I don't know if it's just me, maybe other wine rack makers could chime in, but I could never find a "one size fits all" wine rack, or rack design for me and were I wanted to put it. I found a lot of post, here and on the internet about wine racks and stole some idea's that I thought would work for me. I think I got the idea of insetting the cross members from Masta, The 3 tier bottle stacking per shelf on another thread and the idea of not standardizing my widths on the short little pieces that the bottle goes into due to having many size bottles. So i guess my point would be is to look at would others are doing, see what you like and compare that to what your needs are (or will be), then design your rack, it quite easy. When I build my next one next to this one, I will take pictures and post them. *Edited by: jobe05 *


----------



## Wade E (Feb 23, 2007)

I agree, Jobe you have a nice rack!




No really what do you mea about not standardizing widths of short pcs.


----------



## jobe05 (Feb 23, 2007)

LOL....... Glad you asked because I didn't know if I explained that very well. I was talking about those little 1/2" x 1/2" x 9" pieces of wood that go between each bottle. Some racks are a standard with for 750 ML bottles. The smaller bottles will fall through the opening and te larger bottles will overlap them and roll around and not stack very well. So I have one shelf, top on this rack that has closer spacing for those small or thinner bottles (Like my port bottles). One rack that I spaced them further apart for tos wider 2 litre bottles and well made Large 750 ML Chardonnay bottles, and the rest just fit the 750 ML bottles.


----------



## Wade E (Feb 23, 2007)

Okay I thought maybe you just closed your eyes and screwed them were ever they fell!


----------



## NorthernWinos (Feb 23, 2007)

These are the racks we made a couple years ago...they work fine for average sized bottles...
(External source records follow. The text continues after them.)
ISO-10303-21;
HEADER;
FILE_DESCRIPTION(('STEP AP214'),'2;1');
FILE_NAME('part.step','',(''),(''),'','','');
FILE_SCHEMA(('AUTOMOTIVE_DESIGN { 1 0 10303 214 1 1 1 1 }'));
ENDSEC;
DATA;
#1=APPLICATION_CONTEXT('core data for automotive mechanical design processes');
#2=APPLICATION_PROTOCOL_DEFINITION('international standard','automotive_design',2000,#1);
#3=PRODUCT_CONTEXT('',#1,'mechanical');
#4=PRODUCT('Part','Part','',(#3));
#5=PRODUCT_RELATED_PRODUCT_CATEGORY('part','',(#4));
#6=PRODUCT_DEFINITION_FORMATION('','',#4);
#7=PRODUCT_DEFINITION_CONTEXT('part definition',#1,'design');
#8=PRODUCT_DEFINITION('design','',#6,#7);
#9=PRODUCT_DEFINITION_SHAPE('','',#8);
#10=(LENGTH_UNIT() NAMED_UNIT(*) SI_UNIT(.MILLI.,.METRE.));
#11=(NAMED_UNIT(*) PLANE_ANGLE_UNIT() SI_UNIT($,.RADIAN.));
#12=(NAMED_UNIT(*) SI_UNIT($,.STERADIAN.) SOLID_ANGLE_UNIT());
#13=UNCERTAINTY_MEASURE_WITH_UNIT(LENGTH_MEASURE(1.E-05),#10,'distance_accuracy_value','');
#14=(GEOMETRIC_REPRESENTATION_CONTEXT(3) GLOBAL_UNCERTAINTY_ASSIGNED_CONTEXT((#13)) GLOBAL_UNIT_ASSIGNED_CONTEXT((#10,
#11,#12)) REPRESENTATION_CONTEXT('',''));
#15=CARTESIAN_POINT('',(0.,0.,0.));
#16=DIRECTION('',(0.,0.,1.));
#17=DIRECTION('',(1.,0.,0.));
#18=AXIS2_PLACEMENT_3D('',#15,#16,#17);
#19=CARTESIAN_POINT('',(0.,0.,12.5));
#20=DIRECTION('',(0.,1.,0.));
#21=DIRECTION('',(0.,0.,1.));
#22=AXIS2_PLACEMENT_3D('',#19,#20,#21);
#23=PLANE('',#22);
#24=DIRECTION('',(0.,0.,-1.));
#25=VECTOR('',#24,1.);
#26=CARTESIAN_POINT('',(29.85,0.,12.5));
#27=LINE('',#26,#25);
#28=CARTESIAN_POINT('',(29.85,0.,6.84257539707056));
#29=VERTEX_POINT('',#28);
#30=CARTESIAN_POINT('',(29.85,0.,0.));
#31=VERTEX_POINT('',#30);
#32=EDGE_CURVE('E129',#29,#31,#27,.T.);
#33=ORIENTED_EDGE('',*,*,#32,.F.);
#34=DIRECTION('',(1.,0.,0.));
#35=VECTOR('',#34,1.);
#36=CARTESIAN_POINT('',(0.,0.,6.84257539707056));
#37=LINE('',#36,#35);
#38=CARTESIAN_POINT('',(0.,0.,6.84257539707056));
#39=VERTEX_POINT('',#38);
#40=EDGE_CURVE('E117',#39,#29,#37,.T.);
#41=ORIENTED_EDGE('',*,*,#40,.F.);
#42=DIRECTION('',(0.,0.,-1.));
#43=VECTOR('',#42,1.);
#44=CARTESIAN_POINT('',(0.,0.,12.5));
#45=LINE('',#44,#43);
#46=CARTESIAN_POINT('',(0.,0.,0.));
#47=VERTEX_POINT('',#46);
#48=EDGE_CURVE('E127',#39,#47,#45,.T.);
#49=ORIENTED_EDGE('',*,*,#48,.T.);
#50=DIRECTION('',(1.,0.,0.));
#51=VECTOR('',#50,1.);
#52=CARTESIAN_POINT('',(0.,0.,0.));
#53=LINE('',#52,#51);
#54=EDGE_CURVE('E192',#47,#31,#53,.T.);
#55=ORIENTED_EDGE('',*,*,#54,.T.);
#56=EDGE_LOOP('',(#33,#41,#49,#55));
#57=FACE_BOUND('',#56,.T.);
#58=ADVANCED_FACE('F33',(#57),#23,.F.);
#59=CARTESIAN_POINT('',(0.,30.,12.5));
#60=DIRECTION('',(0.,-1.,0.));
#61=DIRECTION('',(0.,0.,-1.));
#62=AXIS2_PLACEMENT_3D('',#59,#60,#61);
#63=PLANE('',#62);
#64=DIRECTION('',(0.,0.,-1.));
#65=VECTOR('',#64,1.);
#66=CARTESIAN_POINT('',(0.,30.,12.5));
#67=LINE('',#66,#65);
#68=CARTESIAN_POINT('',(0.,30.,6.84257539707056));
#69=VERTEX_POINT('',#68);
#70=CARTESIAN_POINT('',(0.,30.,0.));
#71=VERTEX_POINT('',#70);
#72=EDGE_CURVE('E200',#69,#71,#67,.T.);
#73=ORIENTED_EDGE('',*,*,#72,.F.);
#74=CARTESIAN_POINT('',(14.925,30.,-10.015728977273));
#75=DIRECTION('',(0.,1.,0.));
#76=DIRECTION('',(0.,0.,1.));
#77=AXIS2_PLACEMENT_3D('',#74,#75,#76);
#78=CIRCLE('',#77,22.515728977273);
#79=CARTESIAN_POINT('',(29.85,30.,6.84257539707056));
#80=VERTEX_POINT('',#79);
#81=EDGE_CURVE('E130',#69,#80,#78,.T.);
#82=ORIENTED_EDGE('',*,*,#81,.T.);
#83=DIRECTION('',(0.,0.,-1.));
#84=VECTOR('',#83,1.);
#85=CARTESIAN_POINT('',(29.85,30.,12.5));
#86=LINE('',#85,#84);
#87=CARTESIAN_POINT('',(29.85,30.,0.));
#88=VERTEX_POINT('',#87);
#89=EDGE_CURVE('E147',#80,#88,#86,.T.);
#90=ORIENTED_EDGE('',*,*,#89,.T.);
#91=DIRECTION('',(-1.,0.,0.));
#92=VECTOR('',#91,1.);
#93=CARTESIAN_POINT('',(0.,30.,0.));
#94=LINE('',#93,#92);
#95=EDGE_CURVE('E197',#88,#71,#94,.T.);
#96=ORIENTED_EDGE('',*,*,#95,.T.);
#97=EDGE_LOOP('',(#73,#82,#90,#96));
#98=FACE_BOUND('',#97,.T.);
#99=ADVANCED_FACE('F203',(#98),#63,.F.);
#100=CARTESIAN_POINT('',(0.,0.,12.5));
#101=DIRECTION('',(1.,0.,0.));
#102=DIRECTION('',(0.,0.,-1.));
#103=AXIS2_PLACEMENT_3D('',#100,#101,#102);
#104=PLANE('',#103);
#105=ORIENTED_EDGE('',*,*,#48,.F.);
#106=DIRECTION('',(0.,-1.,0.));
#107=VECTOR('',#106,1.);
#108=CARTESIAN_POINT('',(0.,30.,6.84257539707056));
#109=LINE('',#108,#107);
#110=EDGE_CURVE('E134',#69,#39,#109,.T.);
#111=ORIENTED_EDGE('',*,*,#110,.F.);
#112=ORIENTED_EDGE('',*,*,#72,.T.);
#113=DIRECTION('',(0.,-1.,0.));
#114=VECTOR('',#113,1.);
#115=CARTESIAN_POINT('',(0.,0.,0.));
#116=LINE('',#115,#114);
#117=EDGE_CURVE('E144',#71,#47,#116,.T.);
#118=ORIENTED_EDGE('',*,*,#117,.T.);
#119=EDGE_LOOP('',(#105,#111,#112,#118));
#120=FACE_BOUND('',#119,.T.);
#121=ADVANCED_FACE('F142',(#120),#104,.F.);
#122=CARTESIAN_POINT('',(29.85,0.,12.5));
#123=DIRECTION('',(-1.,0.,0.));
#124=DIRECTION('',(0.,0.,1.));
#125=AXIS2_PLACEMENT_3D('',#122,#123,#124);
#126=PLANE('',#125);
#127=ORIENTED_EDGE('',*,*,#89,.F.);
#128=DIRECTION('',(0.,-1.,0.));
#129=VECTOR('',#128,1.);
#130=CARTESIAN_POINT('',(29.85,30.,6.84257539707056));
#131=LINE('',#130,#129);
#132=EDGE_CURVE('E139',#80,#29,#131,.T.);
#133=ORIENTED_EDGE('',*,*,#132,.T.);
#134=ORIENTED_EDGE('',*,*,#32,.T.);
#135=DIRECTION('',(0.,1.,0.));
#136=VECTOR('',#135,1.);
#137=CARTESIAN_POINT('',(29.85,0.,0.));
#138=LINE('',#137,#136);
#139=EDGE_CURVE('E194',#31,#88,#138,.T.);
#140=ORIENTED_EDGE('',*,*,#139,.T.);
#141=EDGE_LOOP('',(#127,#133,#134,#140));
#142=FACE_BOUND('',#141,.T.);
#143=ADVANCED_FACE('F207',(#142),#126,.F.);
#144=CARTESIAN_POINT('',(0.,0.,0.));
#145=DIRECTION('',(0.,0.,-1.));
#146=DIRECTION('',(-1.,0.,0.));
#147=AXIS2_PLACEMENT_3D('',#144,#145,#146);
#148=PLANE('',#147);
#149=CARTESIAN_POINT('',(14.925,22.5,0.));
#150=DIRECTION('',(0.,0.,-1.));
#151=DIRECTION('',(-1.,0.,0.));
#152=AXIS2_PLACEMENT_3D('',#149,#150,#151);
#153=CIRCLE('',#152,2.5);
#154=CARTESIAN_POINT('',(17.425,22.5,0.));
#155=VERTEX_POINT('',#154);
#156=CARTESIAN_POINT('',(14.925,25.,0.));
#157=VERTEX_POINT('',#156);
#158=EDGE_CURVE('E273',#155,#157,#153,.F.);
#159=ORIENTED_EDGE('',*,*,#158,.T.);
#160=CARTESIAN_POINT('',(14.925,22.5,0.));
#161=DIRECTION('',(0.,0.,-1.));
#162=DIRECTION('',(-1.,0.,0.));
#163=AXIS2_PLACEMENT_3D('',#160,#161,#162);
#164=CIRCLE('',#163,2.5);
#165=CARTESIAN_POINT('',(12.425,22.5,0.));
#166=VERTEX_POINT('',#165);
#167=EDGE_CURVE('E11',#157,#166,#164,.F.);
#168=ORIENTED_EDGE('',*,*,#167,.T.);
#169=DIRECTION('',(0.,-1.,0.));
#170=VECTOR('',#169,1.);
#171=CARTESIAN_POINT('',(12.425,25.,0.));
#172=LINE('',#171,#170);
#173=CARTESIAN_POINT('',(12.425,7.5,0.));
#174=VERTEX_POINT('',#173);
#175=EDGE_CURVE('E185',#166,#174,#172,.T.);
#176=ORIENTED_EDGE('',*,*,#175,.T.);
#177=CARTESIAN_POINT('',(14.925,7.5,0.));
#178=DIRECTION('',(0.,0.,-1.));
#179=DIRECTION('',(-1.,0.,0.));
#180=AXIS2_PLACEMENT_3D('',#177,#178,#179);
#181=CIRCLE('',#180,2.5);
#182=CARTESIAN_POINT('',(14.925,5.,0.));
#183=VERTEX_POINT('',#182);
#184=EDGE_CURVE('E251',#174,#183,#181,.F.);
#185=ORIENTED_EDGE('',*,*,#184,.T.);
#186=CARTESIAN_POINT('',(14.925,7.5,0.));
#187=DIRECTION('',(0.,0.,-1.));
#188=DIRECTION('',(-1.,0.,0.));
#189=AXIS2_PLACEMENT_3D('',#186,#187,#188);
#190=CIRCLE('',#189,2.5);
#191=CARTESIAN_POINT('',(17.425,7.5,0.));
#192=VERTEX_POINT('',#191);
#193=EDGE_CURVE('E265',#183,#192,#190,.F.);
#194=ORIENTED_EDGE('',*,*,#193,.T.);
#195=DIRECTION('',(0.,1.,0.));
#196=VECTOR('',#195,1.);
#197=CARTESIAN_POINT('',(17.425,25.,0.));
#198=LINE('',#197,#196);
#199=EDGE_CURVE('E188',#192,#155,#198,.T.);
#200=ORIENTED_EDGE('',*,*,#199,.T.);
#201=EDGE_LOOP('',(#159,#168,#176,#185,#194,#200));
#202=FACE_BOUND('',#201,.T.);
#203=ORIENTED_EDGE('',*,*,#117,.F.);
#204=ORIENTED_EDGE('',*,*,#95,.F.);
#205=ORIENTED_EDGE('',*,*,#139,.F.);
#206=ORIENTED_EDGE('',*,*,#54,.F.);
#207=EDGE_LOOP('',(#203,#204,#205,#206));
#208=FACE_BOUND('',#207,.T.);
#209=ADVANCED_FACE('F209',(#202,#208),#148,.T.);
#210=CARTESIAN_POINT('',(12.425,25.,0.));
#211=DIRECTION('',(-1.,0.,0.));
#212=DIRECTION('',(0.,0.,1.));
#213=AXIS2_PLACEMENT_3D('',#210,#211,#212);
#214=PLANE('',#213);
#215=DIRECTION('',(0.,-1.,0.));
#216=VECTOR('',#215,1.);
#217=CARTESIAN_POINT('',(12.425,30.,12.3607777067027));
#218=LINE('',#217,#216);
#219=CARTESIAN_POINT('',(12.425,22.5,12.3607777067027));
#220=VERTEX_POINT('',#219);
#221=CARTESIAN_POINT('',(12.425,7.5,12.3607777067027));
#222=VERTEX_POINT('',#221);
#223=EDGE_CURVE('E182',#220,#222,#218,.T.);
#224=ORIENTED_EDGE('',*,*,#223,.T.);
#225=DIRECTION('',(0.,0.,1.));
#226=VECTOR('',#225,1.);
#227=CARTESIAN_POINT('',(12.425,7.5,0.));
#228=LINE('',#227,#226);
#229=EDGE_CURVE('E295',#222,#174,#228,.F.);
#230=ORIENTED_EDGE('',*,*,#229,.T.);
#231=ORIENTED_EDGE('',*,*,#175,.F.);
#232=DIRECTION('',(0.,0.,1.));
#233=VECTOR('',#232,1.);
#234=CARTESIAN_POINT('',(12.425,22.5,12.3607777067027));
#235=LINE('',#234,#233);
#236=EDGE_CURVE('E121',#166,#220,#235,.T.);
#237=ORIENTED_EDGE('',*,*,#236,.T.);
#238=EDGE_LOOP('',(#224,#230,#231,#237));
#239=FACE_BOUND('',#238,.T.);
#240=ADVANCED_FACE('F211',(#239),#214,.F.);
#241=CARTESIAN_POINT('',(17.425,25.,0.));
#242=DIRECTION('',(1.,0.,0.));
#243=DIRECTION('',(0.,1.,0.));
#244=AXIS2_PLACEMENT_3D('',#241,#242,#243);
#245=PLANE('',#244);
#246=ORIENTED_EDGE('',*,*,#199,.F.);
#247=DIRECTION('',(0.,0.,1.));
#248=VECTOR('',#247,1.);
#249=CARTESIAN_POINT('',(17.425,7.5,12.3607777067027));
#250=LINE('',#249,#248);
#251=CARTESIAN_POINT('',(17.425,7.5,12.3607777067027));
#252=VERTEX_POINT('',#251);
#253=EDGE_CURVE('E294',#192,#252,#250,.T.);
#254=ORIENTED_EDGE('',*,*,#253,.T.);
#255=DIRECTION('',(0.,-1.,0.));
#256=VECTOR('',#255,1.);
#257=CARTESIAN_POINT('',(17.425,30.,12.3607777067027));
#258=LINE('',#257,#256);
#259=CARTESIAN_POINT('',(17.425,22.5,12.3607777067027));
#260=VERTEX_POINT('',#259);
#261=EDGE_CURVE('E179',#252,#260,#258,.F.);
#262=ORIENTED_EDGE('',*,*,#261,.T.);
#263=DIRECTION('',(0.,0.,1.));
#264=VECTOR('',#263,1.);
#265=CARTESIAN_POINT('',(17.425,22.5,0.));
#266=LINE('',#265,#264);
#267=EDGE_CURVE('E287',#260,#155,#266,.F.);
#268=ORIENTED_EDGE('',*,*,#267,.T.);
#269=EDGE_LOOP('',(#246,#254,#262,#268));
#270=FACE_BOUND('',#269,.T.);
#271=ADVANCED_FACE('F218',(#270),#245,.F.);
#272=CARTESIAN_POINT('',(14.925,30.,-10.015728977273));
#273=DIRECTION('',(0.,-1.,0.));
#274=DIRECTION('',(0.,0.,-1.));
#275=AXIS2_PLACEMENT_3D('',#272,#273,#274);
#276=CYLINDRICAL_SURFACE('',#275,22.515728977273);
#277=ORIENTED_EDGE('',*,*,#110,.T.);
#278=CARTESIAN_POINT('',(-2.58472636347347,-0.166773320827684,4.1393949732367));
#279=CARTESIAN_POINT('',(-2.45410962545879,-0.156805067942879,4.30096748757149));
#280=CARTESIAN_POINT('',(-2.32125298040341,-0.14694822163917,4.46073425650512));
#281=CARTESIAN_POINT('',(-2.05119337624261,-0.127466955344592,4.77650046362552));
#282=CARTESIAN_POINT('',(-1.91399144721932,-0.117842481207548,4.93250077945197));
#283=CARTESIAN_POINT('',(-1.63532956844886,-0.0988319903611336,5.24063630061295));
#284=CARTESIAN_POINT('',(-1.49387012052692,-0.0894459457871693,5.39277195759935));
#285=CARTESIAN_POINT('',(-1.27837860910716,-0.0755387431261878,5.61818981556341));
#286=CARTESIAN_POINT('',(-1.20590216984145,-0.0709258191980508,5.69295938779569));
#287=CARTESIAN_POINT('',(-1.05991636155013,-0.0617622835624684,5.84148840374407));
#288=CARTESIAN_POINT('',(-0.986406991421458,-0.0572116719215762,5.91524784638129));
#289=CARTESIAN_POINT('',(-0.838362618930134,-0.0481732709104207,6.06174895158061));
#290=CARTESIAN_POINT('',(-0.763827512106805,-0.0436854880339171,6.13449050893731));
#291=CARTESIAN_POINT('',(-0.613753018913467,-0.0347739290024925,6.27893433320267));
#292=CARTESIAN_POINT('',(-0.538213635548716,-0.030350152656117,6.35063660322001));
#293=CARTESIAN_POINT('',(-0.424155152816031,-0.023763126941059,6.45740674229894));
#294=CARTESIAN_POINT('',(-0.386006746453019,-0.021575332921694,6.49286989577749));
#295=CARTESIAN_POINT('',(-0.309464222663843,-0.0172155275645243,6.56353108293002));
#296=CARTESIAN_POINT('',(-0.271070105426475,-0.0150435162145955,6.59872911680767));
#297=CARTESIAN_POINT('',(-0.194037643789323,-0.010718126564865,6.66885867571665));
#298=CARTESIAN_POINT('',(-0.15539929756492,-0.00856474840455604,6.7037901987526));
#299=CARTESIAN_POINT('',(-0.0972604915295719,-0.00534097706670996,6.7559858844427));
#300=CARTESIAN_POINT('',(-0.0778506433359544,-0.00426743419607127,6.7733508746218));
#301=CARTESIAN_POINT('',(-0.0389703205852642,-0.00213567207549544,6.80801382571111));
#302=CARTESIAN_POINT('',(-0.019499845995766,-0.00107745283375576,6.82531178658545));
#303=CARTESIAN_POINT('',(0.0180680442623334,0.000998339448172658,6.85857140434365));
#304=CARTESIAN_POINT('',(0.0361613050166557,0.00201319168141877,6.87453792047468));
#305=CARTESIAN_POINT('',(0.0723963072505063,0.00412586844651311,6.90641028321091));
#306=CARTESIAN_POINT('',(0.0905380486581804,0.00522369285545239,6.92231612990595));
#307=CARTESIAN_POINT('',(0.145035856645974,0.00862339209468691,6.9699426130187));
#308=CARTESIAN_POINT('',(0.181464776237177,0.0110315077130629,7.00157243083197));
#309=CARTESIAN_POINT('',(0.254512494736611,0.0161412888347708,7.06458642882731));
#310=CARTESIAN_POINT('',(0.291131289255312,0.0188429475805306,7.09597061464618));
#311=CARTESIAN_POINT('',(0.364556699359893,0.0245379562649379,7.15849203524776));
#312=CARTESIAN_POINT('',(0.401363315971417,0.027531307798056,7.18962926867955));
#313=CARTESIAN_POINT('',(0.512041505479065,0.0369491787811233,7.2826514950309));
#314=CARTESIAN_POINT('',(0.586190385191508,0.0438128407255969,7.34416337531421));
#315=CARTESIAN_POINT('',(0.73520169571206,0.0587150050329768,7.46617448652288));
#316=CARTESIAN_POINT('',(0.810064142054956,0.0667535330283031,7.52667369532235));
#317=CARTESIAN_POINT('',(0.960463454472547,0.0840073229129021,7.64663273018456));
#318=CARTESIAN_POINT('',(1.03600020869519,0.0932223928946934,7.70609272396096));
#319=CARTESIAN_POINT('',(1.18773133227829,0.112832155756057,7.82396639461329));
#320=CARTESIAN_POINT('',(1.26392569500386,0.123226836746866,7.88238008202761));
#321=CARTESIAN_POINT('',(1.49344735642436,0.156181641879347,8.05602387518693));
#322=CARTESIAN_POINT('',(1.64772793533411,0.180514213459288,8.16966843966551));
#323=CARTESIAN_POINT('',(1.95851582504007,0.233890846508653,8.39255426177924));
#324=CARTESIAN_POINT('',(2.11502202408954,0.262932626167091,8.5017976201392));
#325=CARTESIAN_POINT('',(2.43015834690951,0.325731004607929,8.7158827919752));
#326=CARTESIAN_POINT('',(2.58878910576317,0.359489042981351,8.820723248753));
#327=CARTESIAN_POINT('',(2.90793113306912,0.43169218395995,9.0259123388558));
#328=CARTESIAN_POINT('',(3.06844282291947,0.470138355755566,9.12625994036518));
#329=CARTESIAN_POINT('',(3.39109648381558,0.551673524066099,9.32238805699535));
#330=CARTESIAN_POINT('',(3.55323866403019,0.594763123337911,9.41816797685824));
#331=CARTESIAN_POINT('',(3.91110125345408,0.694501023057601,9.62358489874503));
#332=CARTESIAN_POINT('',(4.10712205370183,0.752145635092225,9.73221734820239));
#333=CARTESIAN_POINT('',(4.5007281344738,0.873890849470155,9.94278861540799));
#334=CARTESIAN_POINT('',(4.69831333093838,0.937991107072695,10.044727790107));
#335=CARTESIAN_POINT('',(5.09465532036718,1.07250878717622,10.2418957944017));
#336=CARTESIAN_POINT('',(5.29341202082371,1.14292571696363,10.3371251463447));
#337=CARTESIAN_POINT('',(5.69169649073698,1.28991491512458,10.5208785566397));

There is a larger Burgundy style bottle that is tight fit, but can still get them in there...

The plans were from Ron Hazelton's Site....

http://www.ronhazelton.com/howto/wine_rack.htm

Drawing from Site...

http://www.ronhazelton.com/images/pdf/winerack.pdf



We made 8 racks that hold 24 bottles each to fit on our shelves...we have the racks 2 deep on the shelves...kind of have to make do with the space we had.

Then I use plastic crates laid on their sides to hold other bottles...those work good to stack Bordeaux [Claret] style bottles


----------



## Wade E (Feb 23, 2007)

Very nice NW, went for the scalloped look. Thats a lot of extra but looks awesome.


----------



## NorthernWinos (Feb 23, 2007)

My husband grew up in his Dad's cabinet shop and then worked his first jobs with some old masters in cabinet shops...he makes very nice things, but is way too fussy...everything has to be sanded just right...I hate sanding....and after we used an electric sander that had cylinders I was the one doing the last sanding...only with his approval.

The scallops are very nice, and each 24 bottle rack could stand alone in any setting....there are a few bigger bottles that just fit, but the labels get roughed up a bit...that's a tight fit.

I like the wine rack that has all the little boards that hold each bottle....those are very space efficient, and I would love to have one of those too, but our space is very limited....built the house before we got into winemaking, and skimped a bit on the size of the root cellar...crammed as much as we could into a fairly small house....so it goes.

Seems we have enough storage to fit our production/consumption....



*Edited by: Northern Winos *


----------



## grapeman (Feb 23, 2007)

That is a nice use of space NW. You have a little of everything there. Those Red Taters look really good.


----------



## Bill (Feb 23, 2007)

Hi Wade:
I have 9 gallonsof mixed fruits and used my new corker
to cork my pear abd blueberry worked like a charm.
Tasted the pear and it sure diffrent from the first taste
it is 6 mo. ( I all most fell off the chair when I gave it a taste
test as it was great) to think I almost put it in the drain


----------



## Wade E (Feb 24, 2007)

Excellent, glad you like it now. Just goes to show what time can do!


----------